Output the data below exactly, without images.

▬▬▬▬▬▬

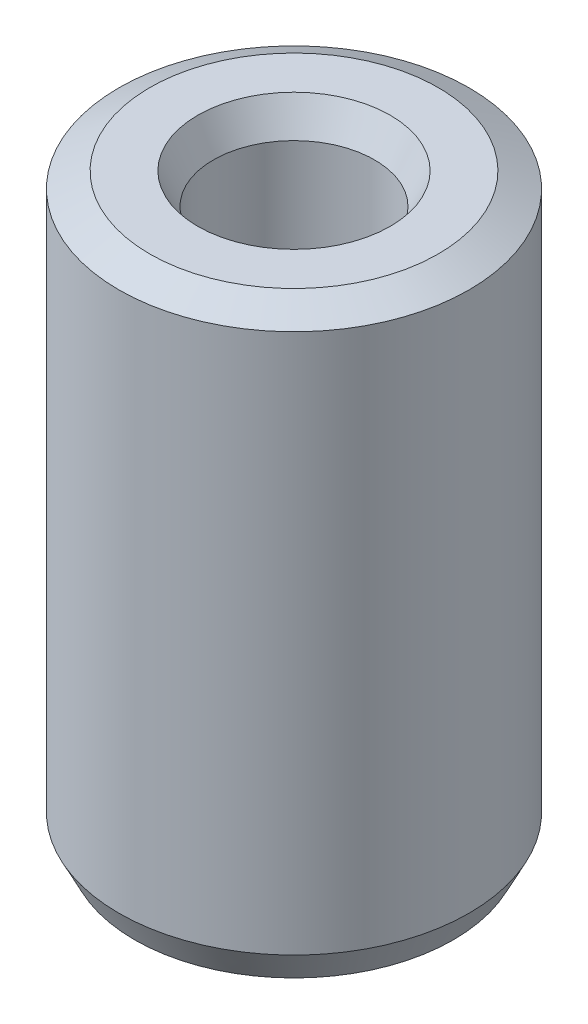
from build123d import *
from OCP.BRepFilletAPI import BRepFilletAPI_MakeChamfer

# Parameters (mm, degrees)
SKETCH1_R           = 5
BOSS_EXTRUDE1_DEPTH = 16.745801266
SKETCH2_R           = 2.303296217
CUT_EXTRUDE1_DEPTH  = 19.177509731
CHAMFER1_SIZE       = 0.446183577
CHAMFER1_SIZE2      = 0.88154203


with BuildPart() as part:
    # Sketch1 → Boss-Extrude1 (new body)
    with BuildSketch(Plane(origin=(0, 0, 0), x_dir=(1, 0, 0), z_dir=(0, 1, 0))):
        Circle(SKETCH1_R)
    extrude(amount=BOSS_EXTRUDE1_DEPTH)

    # Sketch2 → Cut-Extrude1 (cut, through all)
    with BuildSketch(Plane(origin=(0, 0, 0), x_dir=(1, 0, 0), z_dir=(0, 1, 0))):
        Circle(SKETCH2_R)
    extrude(amount=CUT_EXTRUDE1_DEPTH, mode=Mode.SUBTRACT)

    # Chamfer1: one chamfer whose edges measure the first distance from different faces: ONE call of the kernel's chamfer builder (chamfer() names one face for all edges)
    chamfer1_edges_1 = [part.edges().sort_by_distance(p)[0] for p in [
        (-2.303296217, 16.745801266, 0),
    ]]
    chamfer1_side_1 = [part.faces().sort_by_distance(p)[0] for p in [
        (-4.858578644, 16.745801266, 0),
    ]]
    chamfer1_edges_2 = [part.edges().sort_by_distance(p)[0] for p in [
        (-2.303296217, 0, 0),
    ]]
    chamfer1_side_2 = [part.faces().sort_by_distance(p)[0] for p in [
        (-2.303296217, 8.372900633, 0),
    ]]
    chamfer1_edges_3 = [part.edges().sort_by_distance(p)[0] for p in [
        (-5, 0, 0),
    ]]
    chamfer1_side_3 = [part.faces().sort_by_distance(p)[0] for p in [
        (-4.858578644, 0, 0),
    ]]
    chamfer1_edges_4 = [part.edges().sort_by_distance(p)[0] for p in [
        (-5, 16.745801266, 0),
    ]]
    chamfer1_side_4 = [part.faces().sort_by_distance(p)[0] for p in [
        (-5, 8.372900633, 0),
    ]]
    chamfer1 = BRepFilletAPI_MakeChamfer(part.part.solid().wrapped)
    for e in chamfer1_edges_1:
        chamfer1.Add(CHAMFER1_SIZE, CHAMFER1_SIZE2, e.wrapped, chamfer1_side_1[0].wrapped)  # the first distance lies on this face
    for e in chamfer1_edges_2:
        chamfer1.Add(CHAMFER1_SIZE, CHAMFER1_SIZE2, e.wrapped, chamfer1_side_2[0].wrapped)  # the first distance lies on this face
    for e in chamfer1_edges_3:
        chamfer1.Add(CHAMFER1_SIZE, CHAMFER1_SIZE2, e.wrapped, chamfer1_side_3[0].wrapped)  # the first distance lies on this face
    for e in chamfer1_edges_4:
        chamfer1.Add(CHAMFER1_SIZE, CHAMFER1_SIZE2, e.wrapped, chamfer1_side_4[0].wrapped)  # the first distance lies on this face
    add(Compound.cast(chamfer1.Shape()), mode=Mode.REPLACE)


solid = part.part

▬▬▬▬▬▬

▶ Reply:
from build123d import *
from OCP.BRepFilletAPI import BRepFilletAPI_MakeChamfer

# Parameters (mm, degrees)
SKETCH1_R           = 5
BOSS_EXTRUDE1_DEPTH = 16.745801266
SKETCH2_R           = 2.303296217
CUT_EXTRUDE1_DEPTH  = 19.177509731
CHAMFER1_SIZE       = 0.446183577
CHAMFER1_SIZE2      = 0.88154203


with BuildPart() as part:
    # Sketch1 → Boss-Extrude1 (new body)
    with BuildSketch(Plane(origin=(0, 0, 0), x_dir=(1, 0, 0), z_dir=(0, 1, 0))):
        Circle(SKETCH1_R)
    extrude(amount=BOSS_EXTRUDE1_DEPTH)

    # Sketch2 → Cut-Extrude1 (cut, through all)
    with BuildSketch(Plane(origin=(0, 0, 0), x_dir=(1, 0, 0), z_dir=(0, 1, 0))):
        Circle(SKETCH2_R)
    extrude(amount=CUT_EXTRUDE1_DEPTH, mode=Mode.SUBTRACT)

    # Chamfer1: one chamfer whose edges measure the first distance from different faces: ONE call of the kernel's chamfer builder (chamfer() names one face for all edges)
    chamfer1_edges_1 = [part.edges().sort_by_distance(p)[0] for p in [
        (-2.303296217, 16.745801266, 0),
    ]]
    chamfer1_side_1 = [part.faces().sort_by_distance(p)[0] for p in [
        (-4.858578644, 16.745801266, 0),
    ]]
    chamfer1_edges_2 = [part.edges().sort_by_distance(p)[0] for p in [
        (-2.303296217, 0, 0),
    ]]
    chamfer1_side_2 = [part.faces().sort_by_distance(p)[0] for p in [
        (-2.303296217, 8.372900633, 0),
    ]]
    chamfer1_edges_3 = [part.edges().sort_by_distance(p)[0] for p in [
        (-5, 0, 0),
    ]]
    chamfer1_side_3 = [part.faces().sort_by_distance(p)[0] for p in [
        (-4.858578644, 0, 0),
    ]]
    chamfer1_edges_4 = [part.edges().sort_by_distance(p)[0] for p in [
        (-5, 16.745801266, 0),
    ]]
    chamfer1_side_4 = [part.faces().sort_by_distance(p)[0] for p in [
        (-5, 8.372900633, 0),
    ]]
    chamfer1 = BRepFilletAPI_MakeChamfer(part.part.solid().wrapped)
    for e in chamfer1_edges_1:
        chamfer1.Add(CHAMFER1_SIZE, CHAMFER1_SIZE2, e.wrapped, chamfer1_side_1[0].wrapped)  # the first distance lies on this face
    for e in chamfer1_edges_2:
        chamfer1.Add(CHAMFER1_SIZE, CHAMFER1_SIZE2, e.wrapped, chamfer1_side_2[0].wrapped)  # the first distance lies on this face
    for e in chamfer1_edges_3:
        chamfer1.Add(CHAMFER1_SIZE, CHAMFER1_SIZE2, e.wrapped, chamfer1_side_3[0].wrapped)  # the first distance lies on this face
    for e in chamfer1_edges_4:
        chamfer1.Add(CHAMFER1_SIZE, CHAMFER1_SIZE2, e.wrapped, chamfer1_side_4[0].wrapped)  # the first distance lies on this face
    add(Compound.cast(chamfer1.Shape()), mode=Mode.REPLACE)


solid = part.part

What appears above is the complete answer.